Content starts
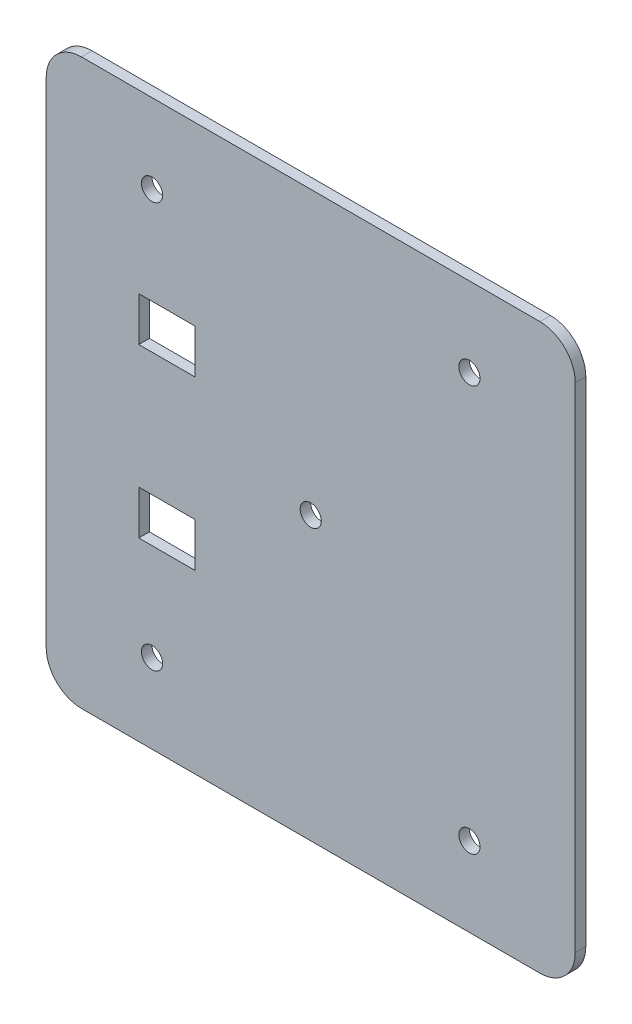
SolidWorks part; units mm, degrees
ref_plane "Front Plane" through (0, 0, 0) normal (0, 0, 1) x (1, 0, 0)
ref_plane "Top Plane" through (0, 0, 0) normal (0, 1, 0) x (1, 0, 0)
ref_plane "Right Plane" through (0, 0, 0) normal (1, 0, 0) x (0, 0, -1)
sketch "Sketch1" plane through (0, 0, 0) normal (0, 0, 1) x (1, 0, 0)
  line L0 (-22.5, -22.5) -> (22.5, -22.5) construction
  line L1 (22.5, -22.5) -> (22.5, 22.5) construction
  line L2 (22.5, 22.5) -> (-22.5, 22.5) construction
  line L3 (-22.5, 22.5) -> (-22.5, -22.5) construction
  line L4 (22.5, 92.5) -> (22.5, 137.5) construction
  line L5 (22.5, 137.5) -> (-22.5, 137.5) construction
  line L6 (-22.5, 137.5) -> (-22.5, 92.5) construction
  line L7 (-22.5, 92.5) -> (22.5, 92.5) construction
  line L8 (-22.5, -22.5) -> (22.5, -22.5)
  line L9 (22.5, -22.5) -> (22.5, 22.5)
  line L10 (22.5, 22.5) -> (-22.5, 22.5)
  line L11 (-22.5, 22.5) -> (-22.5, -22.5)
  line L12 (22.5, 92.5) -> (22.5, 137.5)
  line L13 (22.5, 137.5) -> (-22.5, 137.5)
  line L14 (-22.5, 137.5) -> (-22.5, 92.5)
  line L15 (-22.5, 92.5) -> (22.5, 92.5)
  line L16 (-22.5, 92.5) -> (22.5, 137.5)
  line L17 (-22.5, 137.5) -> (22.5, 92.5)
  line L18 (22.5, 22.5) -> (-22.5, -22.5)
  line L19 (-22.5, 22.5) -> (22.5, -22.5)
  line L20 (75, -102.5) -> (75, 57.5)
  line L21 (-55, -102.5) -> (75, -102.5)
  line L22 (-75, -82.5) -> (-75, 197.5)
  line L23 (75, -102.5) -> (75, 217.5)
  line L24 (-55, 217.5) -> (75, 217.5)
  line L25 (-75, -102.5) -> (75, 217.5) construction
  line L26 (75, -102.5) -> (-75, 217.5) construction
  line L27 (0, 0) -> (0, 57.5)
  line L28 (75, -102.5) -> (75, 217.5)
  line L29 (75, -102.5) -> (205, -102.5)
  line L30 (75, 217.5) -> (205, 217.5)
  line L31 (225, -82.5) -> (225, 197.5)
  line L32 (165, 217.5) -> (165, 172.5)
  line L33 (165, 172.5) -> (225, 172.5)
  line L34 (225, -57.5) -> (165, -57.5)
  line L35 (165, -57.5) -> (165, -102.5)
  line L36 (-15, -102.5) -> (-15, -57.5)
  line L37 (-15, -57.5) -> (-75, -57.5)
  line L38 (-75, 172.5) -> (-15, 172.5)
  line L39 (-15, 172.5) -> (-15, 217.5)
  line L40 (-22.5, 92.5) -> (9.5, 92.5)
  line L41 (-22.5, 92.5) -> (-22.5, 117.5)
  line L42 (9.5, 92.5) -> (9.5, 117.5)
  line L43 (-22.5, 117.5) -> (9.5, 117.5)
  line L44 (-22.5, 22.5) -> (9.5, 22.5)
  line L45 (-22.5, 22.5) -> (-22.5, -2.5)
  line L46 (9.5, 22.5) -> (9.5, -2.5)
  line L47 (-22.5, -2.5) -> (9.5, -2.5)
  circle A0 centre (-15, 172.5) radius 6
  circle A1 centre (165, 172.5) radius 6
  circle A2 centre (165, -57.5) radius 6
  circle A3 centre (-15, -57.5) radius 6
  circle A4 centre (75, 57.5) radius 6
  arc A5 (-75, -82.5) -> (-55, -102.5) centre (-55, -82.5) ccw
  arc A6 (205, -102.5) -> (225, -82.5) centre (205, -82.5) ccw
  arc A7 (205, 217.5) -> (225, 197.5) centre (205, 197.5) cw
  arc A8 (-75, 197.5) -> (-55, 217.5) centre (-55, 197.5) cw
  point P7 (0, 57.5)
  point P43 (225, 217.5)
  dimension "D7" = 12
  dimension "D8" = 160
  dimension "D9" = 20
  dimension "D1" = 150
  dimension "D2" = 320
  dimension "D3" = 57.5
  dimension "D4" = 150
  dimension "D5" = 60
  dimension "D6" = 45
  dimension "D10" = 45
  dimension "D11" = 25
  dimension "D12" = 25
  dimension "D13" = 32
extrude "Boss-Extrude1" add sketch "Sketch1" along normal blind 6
Content ends
▸ **Work request**
Leave the pictures out and reproduce each record exactly as written.

▸ **Written reply**
SolidWorks part; units mm, degrees
ref_plane "Front Plane" through (0, 0, 0) normal (0, 0, 1) x (1, 0, 0)
ref_plane "Top Plane" through (0, 0, 0) normal (0, 1, 0) x (1, 0, 0)
ref_plane "Right Plane" through (0, 0, 0) normal (1, 0, 0) x (0, 0, -1)
sketch "Sketch1" plane through (0, 0, 0) normal (0, 0, 1) x (1, 0, 0)
  line L0 (-22.5, -22.5) -> (22.5, -22.5) construction
  line L1 (22.5, -22.5) -> (22.5, 22.5) construction
  line L2 (22.5, 22.5) -> (-22.5, 22.5) construction
  line L3 (-22.5, 22.5) -> (-22.5, -22.5) construction
  line L4 (22.5, 92.5) -> (22.5, 137.5) construction
  line L5 (22.5, 137.5) -> (-22.5, 137.5) construction
  line L6 (-22.5, 137.5) -> (-22.5, 92.5) construction
  line L7 (-22.5, 92.5) -> (22.5, 92.5) construction
  line L8 (-22.5, -22.5) -> (22.5, -22.5)
  line L9 (22.5, -22.5) -> (22.5, 22.5)
  line L10 (22.5, 22.5) -> (-22.5, 22.5)
  line L11 (-22.5, 22.5) -> (-22.5, -22.5)
  line L12 (22.5, 92.5) -> (22.5, 137.5)
  line L13 (22.5, 137.5) -> (-22.5, 137.5)
  line L14 (-22.5, 137.5) -> (-22.5, 92.5)
  line L15 (-22.5, 92.5) -> (22.5, 92.5)
  line L16 (-22.5, 92.5) -> (22.5, 137.5)
  line L17 (-22.5, 137.5) -> (22.5, 92.5)
  line L18 (22.5, 22.5) -> (-22.5, -22.5)
  line L19 (-22.5, 22.5) -> (22.5, -22.5)
  line L20 (75, -102.5) -> (75, 57.5)
  line L21 (-55, -102.5) -> (75, -102.5)
  line L22 (-75, -82.5) -> (-75, 197.5)
  line L23 (75, -102.5) -> (75, 217.5)
  line L24 (-55, 217.5) -> (75, 217.5)
  line L25 (-75, -102.5) -> (75, 217.5) construction
  line L26 (75, -102.5) -> (-75, 217.5) construction
  line L27 (0, 0) -> (0, 57.5)
  line L28 (75, -102.5) -> (75, 217.5)
  line L29 (75, -102.5) -> (205, -102.5)
  line L30 (75, 217.5) -> (205, 217.5)
  line L31 (225, -82.5) -> (225, 197.5)
  line L32 (165, 217.5) -> (165, 172.5)
  line L33 (165, 172.5) -> (225, 172.5)
  line L34 (225, -57.5) -> (165, -57.5)
  line L35 (165, -57.5) -> (165, -102.5)
  line L36 (-15, -102.5) -> (-15, -57.5)
  line L37 (-15, -57.5) -> (-75, -57.5)
  line L38 (-75, 172.5) -> (-15, 172.5)
  line L39 (-15, 172.5) -> (-15, 217.5)
  line L40 (-22.5, 92.5) -> (9.5, 92.5)
  line L41 (-22.5, 92.5) -> (-22.5, 117.5)
  line L42 (9.5, 92.5) -> (9.5, 117.5)
  line L43 (-22.5, 117.5) -> (9.5, 117.5)
  line L44 (-22.5, 22.5) -> (9.5, 22.5)
  line L45 (-22.5, 22.5) -> (-22.5, -2.5)
  line L46 (9.5, 22.5) -> (9.5, -2.5)
  line L47 (-22.5, -2.5) -> (9.5, -2.5)
  circle A0 centre (-15, 172.5) radius 6
  circle A1 centre (165, 172.5) radius 6
  circle A2 centre (165, -57.5) radius 6
  circle A3 centre (-15, -57.5) radius 6
  circle A4 centre (75, 57.5) radius 6
  arc A5 (-75, -82.5) -> (-55, -102.5) centre (-55, -82.5) ccw
  arc A6 (205, -102.5) -> (225, -82.5) centre (205, -82.5) ccw
  arc A7 (205, 217.5) -> (225, 197.5) centre (205, 197.5) cw
  arc A8 (-75, 197.5) -> (-55, 217.5) centre (-55, 197.5) cw
  point P7 (0, 57.5)
  point P43 (225, 217.5)
  dimension "D7" = 12
  dimension "D8" = 160
  dimension "D9" = 20
  dimension "D1" = 150
  dimension "D2" = 320
  dimension "D3" = 57.5
  dimension "D4" = 150
  dimension "D5" = 60
  dimension "D6" = 45
  dimension "D10" = 45
  dimension "D11" = 25
  dimension "D12" = 25
  dimension "D13" = 32
extrude "Boss-Extrude1" add sketch "Sketch1" along normal blind 6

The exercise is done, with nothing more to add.